# How many different levers?



## 666tyler (Apr 19, 2013)

Ok so having seen a few posters with levers around I was wondering how many different makes and models of lever machines are owned by the forum members? A pic would be nice

I'll get the ball rolling with:-









Elektra Microcasa a leva









Arrarex Caravel


----------



## 4085 (Nov 23, 2012)

I have 2 Caravels and an L1


----------



## aaronb (Nov 16, 2012)

There's loads of us with levers. L1 for me.

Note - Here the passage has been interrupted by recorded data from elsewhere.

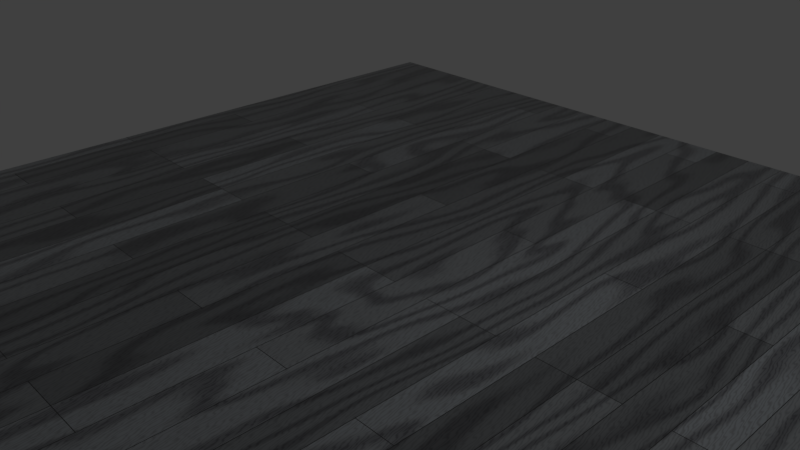 # Source: lantai.blend  (saved by Blender 2.79.0; exported with 4.5.12 LTS)
import bpy
from mathutils import Matrix  # noqa: F401  (used for matrix-valued properties, if any)

bpy.ops.wm.read_factory_settings(use_empty=True)
scene = bpy.context.scene
scene.name = 'Scene'

# ---- collections
col_collection_1 = bpy.data.collections.new('Collection 1'); scene.collection.children.link(col_collection_1)

# ---- materials (node trees are filled in below, after node groups)
mat_basic_glass = bpy.data.materials.new('Basic Glass')
mat_basic_glass.alpha_threshold = 0.0
mat_basic_glass.roughness = 0.5
mat_floor_wood = bpy.data.materials.new('Floor Wood')
mat_floor_wood.alpha_threshold = 0.0
mat_floor_wood.diffuse_color = (1.0, 0.4179, 0.07618, 1.0)
mat_floor_wood.roughness = 0.5

# ---- node groups
ng_pore_bumps_000 = bpy.data.node_groups.new('Pore Bumps.000', 'ShaderNodeTree')
_s = ng_pore_bumps_000.interface.new_socket(name='Value', in_out='OUTPUT', socket_type='NodeSocketColor')
_s.default_value = (0.0, 0.0, 0.0, 0.0)
_s = ng_pore_bumps_000.interface.new_socket(name='Pore Scale', in_out='INPUT', socket_type='NodeSocketFloat')
_s.default_value = 2.0
_s = ng_pore_bumps_000.interface.new_socket(name='Pore Intensity', in_out='INPUT', socket_type='NodeSocketFloat')
_s.default_value = 0.00999
_N = ng_pore_bumps_000.nodes; _L = ng_pore_bumps_000.links
n0 = _N.new('ShaderNodeTexNoise'); n0.name = 'Noise Texture'; n0.location = (-271, -228)
n0.width = 200
n0.inputs[3].default_value = 0.0
n1 = _N.new('ShaderNodeTexNoise'); n1.name = 'Noise Texture.001'; n1.location = (-277, 5)
n1.width = 200
n1.inputs[3].default_value = 0.0
n2 = _N.new('ShaderNodeMath'); n2.name = 'Math'; n2.location = (-525, -9)
n2.width = 160
n2.operation = 'MULTIPLY'
n2.inputs[0].default_value = 1.0
n3 = _N.new('ShaderNodeMath'); n3.name = 'Math.001'; n3.location = (-539, -251)
n3.width = 160
n3.operation = 'MULTIPLY'
n3.inputs[0].default_value = 5.0
n4 = _N.new('ShaderNodeValToRGB'); n4.name = 'ColorRamp'; n4.location = (22, 27)
n4.width = 245
n4.color_ramp.interpolation = 'EASE'
while len(n4.color_ramp.elements) > 1: n4.color_ramp.elements.remove(n4.color_ramp.elements[-1])
n4.color_ramp.elements[0].position = 0.6955; n4.color_ramp.elements[0].color = (0.0, 0.0, 0.0, 1.0)
_e = n4.color_ramp.elements.new(1.0); _e.color = (1.0, 1.0, 1.0, 1.0)
n5 = _N.new('ShaderNodeValToRGB'); n5.name = 'ColorRamp.001'; n5.location = (25, -207)
n5.color_ramp.interpolation = 'EASE'
while len(n5.color_ramp.elements) > 1: n5.color_ramp.elements.remove(n5.color_ramp.elements[-1])
n5.color_ramp.elements[0].position = 0.6864; n5.color_ramp.elements[0].color = (0.0, 0.0, 0.0, 1.0)
_e = n5.color_ramp.elements.new(1.0); _e.color = (1.0, 1.0, 1.0, 1.0)
n6 = _N.new('ShaderNodeTexCoord'); n6.name = 'Texture Coordinate'; n6.location = (-758, -88)
n6.width = 150
n7 = _N.new('ShaderNodeMix'); n7.name = 'Mix'; n7.location = (364, -66)
n7.width = 117
n7.data_type = 'RGBA'
n7.blend_type = 'ADD'
n7.inputs[0].default_value = 1.0
n8 = _N.new('ShaderNodeInvert'); n8.name = 'Invert'; n8.location = (539, -91)
n8.width = 100
n9 = _N.new('ShaderNodeMath'); n9.name = 'Math.002'; n9.location = (683, -95)
n9.width = 160
n9.operation = 'MULTIPLY'
n10 = _N.new('NodeGroupOutput'); n10.name = 'Group Output'; n10.location = (805, -95)
n11 = _N.new('NodeGroupInput'); n11.name = 'Group Input'; n11.location = (-788, -162)
_L.new(n0.outputs[1], n5.inputs[0])
_L.new(n1.outputs[1], n4.inputs[0])
_L.new(n3.outputs[0], n0.inputs[2])
_L.new(n2.outputs[0], n1.inputs[2])
_L.new(n6.outputs[3], n1.inputs[0])
_L.new(n6.outputs[3], n0.inputs[0])
_L.new(n11.outputs[0], n2.inputs[1])
_L.new(n11.outputs[0], n3.inputs[1])
_L.new(n4.outputs[0], n7.inputs[6])
_L.new(n5.outputs[0], n7.inputs[7])
_L.new(n8.outputs[0], n9.inputs[0])
_L.new(n9.outputs[0], n10.inputs[0])
_L.new(n11.outputs[1], n9.inputs[1])
_L.new(n7.outputs[2], n8.inputs[1])
n10.is_active_output = True
ng_grain_000 = bpy.data.node_groups.new('Grain.000', 'ShaderNodeTree')
_s = ng_grain_000.interface.new_socket(name='Color', in_out='OUTPUT', socket_type='NodeSocketColor')
_s = ng_grain_000.interface.new_socket(name='Grain Bump', in_out='OUTPUT', socket_type='NodeSocketFloat')
_s = ng_grain_000.interface.new_socket(name='Fine Grain Bump', in_out='OUTPUT', socket_type='NodeSocketFloat')
_s = ng_grain_000.interface.new_socket(name='Fac', in_out='OUTPUT', socket_type='NodeSocketFloat')
_s = ng_grain_000.interface.new_socket(name='Base Color', in_out='INPUT', socket_type='NodeSocketColor')
_s.default_value = (0.6939, 0.3278, 0.1119, 1.0)
_s = ng_grain_000.interface.new_socket(name='Grain Color', in_out='INPUT', socket_type='NodeSocketColor')
_s.default_value = (0.4475, 0.2059, 0.06646, 1.0)
_s = ng_grain_000.interface.new_socket(name='Grain Scale', in_out='INPUT', socket_type='NodeSocketFloat')
_s.default_value = 0.01999
_s = ng_grain_000.interface.new_socket(name='Grain Transparency', in_out='INPUT', socket_type='NodeSocketFloat')
_s = ng_grain_000.interface.new_socket(name='Grain Intensity', in_out='INPUT', socket_type='NodeSocketFloat')
_s = ng_grain_000.interface.new_socket(name='Fine Grain Scale', in_out='INPUT', socket_type='NodeSocketFloat')
_s.default_value = 0.4
_s = ng_grain_000.interface.new_socket(name='Fine Grain Transparency', in_out='INPUT', socket_type='NodeSocketFloat')
_s.default_value = 0.5
_s = ng_grain_000.interface.new_socket(name=' Fine Grain Intensity', in_out='INPUT', socket_type='NodeSocketFloat')
_s.default_value = 0.001
_s = ng_grain_000.interface.new_socket(name='ColorVariation', in_out='INPUT', socket_type='NodeSocketColor')
_s.default_value = (0.3309, 0.3309, 0.3309, 1.0)
_N = ng_grain_000.nodes; _L = ng_grain_000.links
n0 = _N.new('ShaderNodeTexWave'); n0.name = 'Wave Texture'; n0.location = (-669, 604)
n0.width = 200
n0.wave_type = 'RINGS'
n0.bands_direction = 'DIAGONAL'
n0.rings_direction = 'SPHERICAL'
n0.inputs[2].default_value = 22.0
n0.inputs[6].default_value = 1.571
n1 = _N.new('ShaderNodeValToRGB'); n1.name = 'ColorRamp'; n1.location = (-390, 614)
n1.color_ramp.interpolation = 'B_SPLINE'
while len(n1.color_ramp.elements) > 1: n1.color_ramp.elements.remove(n1.color_ramp.elements[-1])
n1.color_ramp.elements[0].position = 0.0; n1.color_ramp.elements[0].color = (0.0, 0.0, 0.0, 1.0)
_e = n1.color_ramp.elements.new(0.4727); _e.color = (1.0, 1.0, 1.0, 1.0)
n2 = _N.new('ShaderNodeInvert'); n2.name = 'Invert'; n2.location = (-112, 584)
n2.width = 100
n3 = _N.new('ShaderNodeTexWave'); n3.name = 'Wave Texture.001'; n3.location = (-707, 166)
n3.width = 200
n3.bands_direction = 'DIAGONAL'
n3.rings_direction = 'SPHERICAL'
n3.inputs[2].default_value = 10.0
n3.inputs[6].default_value = 1.571
n4 = _N.new('ShaderNodeValToRGB'); n4.name = 'ColorRamp.001'; n4.location = (-451, 152)
n4.color_ramp.interpolation = 'B_SPLINE'
while len(n4.color_ramp.elements) > 1: n4.color_ramp.elements.remove(n4.color_ramp.elements[-1])
n4.color_ramp.elements[0].position = 0.55; n4.color_ramp.elements[0].color = (1.0, 1.0, 1.0, 1.0)
_e = n4.color_ramp.elements.new(0.9818); _e.color = (0.0, 0.0, 0.0, 1.0)
n5 = _N.new('ShaderNodeInvert'); n5.name = 'Invert.001'; n5.location = (-144, 139)
n5.width = 100
n6 = _N.new('ShaderNodeMath'); n6.name = 'Math'; n6.location = (51, -108)
n6.width = 160
n6.operation = 'MULTIPLY'
n7 = _N.new('ShaderNodeMix'); n7.name = 'Mix'; n7.location = (204, 156)
n7.width = 100
n7.data_type = 'RGBA'
n7.blend_type = 'MULTIPLY'
n7.inputs[0].default_value = 1.0
n8 = _N.new('ShaderNodeHueSaturation'); n8.name = 'Hue Saturation Value'; n8.location = (-1, 134)
n8.inputs[2].default_value = 0.0
n9 = _N.new('ShaderNodeMix'); n9.name = 'Mix.001'; n9.location = (454, 338)
n9.width = 100
n9.data_type = 'RGBA'
n9.blend_type = 'ADD'
n9.inputs[0].default_value = 1.0
n10 = _N.new('ShaderNodeMix'); n10.name = 'Mix.002'; n10.location = (249, 610)
n10.width = 100
n10.data_type = 'RGBA'
n10.blend_type = 'MULTIPLY'
n10.inputs[0].default_value = 1.0
n11 = _N.new('ShaderNodeHueSaturation'); n11.name = 'Hue Saturation Value.001'; n11.location = (49, 606)
n11.inputs[2].default_value = 0.0
n12 = _N.new('ShaderNodeMath'); n12.name = 'Math.001'; n12.location = (83, 389)
n12.width = 160
n12.operation = 'MULTIPLY'
n13 = _N.new('ShaderNodeMapping'); n13.name = 'Mapping'; n13.location = (-995, 596)
n13.inputs[3].default_value = (300.0, 60.0, 80.0)
n14 = _N.new('ShaderNodeMapping'); n14.name = 'Mapping.001'; n14.location = (-1013, 148)
n14.inputs[3].default_value = (300.0, 60.0, 80.0)
n15 = _N.new('ShaderNodeMapping'); n15.name = 'Mapping.002'; n15.location = (-904, -195)
n15.inputs[2].default_value = (0.0, -0.0, 1.571)
n16 = _N.new('ShaderNodeMix'); n16.name = 'Mix.003'; n16.location = (828, 281)
n16.width = 100
n16.data_type = 'RGBA'
n16.blend_type = 'MULTIPLY'
n16.inputs[0].default_value = 1.0
n17 = _N.new('ShaderNodeMix'); n17.name = 'Mix.004'; n17.location = (638, 364)
n17.width = 100
n17.data_type = 'RGBA'
n18 = _N.new('ShaderNodeTexBrick'); n18.name = 'Brick Texture'; n18.location = (-603, -549)
n18.offset_frequency = 3
n18.offset = 0.5
n18.inputs[2].default_value = (1.0, 1.0, 1.0, 1.0)
n18.inputs[5].default_value = 0.003
n18.inputs[6].default_value = 0.0
n18.inputs[8].default_value = 3.0
n18.inputs[9].default_value = 0.4
n19 = _N.new('NodeGroupOutput'); n19.name = 'Group Output'; n19.location = (1222, 89)
n20 = _N.new('ShaderNodeTexCoord'); n20.name = 'Texture Coordinate'; n20.location = (-1281, 333)
n20.width = 150
n21 = _N.new('ShaderNodeTexBrick'); n21.name = 'Brick Texture.001'; n21.location = (-595, -170)
n21.offset_frequency = 3
n21.offset = 0.5
n21.inputs[5].default_value = 0.003
n21.inputs[6].default_value = 0.0
n21.inputs[8].default_value = 3.0
n21.inputs[9].default_value = 0.4
n22 = _N.new('NodeGroupInput'); n22.name = 'Group Input'; n22.location = (-1737, 426)
_L.new(n13.outputs[0], n0.inputs[0])
_L.new(n0.outputs[0], n1.inputs[0])
_L.new(n14.outputs[0], n3.inputs[0])
_L.new(n3.outputs[0], n4.inputs[0])
_L.new(n4.outputs[0], n5.inputs[1])
_L.new(n9.outputs[2], n17.inputs[0])
_L.new(n12.outputs[0], n19.inputs[1])
_L.new(n1.outputs[0], n2.inputs[1])
_L.new(n5.outputs[0], n7.inputs[7])
_L.new(n2.outputs[0], n12.inputs[0])
_L.new(n20.outputs[3], n14.inputs[0])
_L.new(n5.outputs[0], n6.inputs[0])
_L.new(n20.outputs[3], n13.inputs[0])
_L.new(n6.outputs[0], n19.inputs[2])
_L.new(n22.outputs[5], n3.inputs[1])
_L.new(n22.outputs[2], n0.inputs[1])
_L.new(n22.outputs[7], n6.inputs[1])
_L.new(n22.outputs[4], n12.inputs[1])
_L.new(n22.outputs[1], n17.inputs[7])
_L.new(n22.outputs[0], n17.inputs[6])
_L.new(n7.outputs[2], n9.inputs[7])
_L.new(n8.outputs[0], n7.inputs[6])
_L.new(n2.outputs[0], n10.inputs[7])
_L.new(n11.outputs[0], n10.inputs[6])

Others on this forum have a Bosco, various La Pavoni Europicolas and professionals. Didn't someone have an Izzo Pompei?


----------



## Mrboots2u (May 10, 2013)

Shady was getting a 2 group izzo after selling the his rocket


----------



## bubbajvegas (Jan 26, 2013)

Signorina Bosco


----------



## Mrboots2u (May 10, 2013)

I wondered when the bosco would appear !!!!!! Aren't intalian words ending in o masculine ? Therefore mr bosco ?


----------



## glevum (Apr 4, 2013)

Bosco, got to be the best lever ever, and made in Naples. Just stunning mate.


----------



## bubbajvegas (Jan 26, 2013)

She's definitely a lady mate unlike signor mythos who's a beast


----------



## FDC (Jan 7, 2012)

Like 666tyler, Elektra micro casa leva


----------



## gmason (Aug 9, 2012)

Simple, but effective. Gaggia G105.


----------



## bubbajvegas (Jan 26, 2013)

Love the look of the tin man machines,and pull a great shot too


----------



## Mrboots2u (May 10, 2013)

bubbajvegas said:


> Love the look of the tin man machines,and pull a great shot too


Great machines ! Rubbish band (bowie at his worst )


----------



## bubbajvegas (Jan 26, 2013)

^ agreed  .


----------



## coffeechap (Apr 5, 2012)

One of the best performing levers I have

View attachment 3195


----------



## bubbajvegas (Jan 26, 2013)

very cool achille,bit of a pattern emerging here,all levers are coooooool,looooool


----------



## coffeechap (Apr 5, 2012)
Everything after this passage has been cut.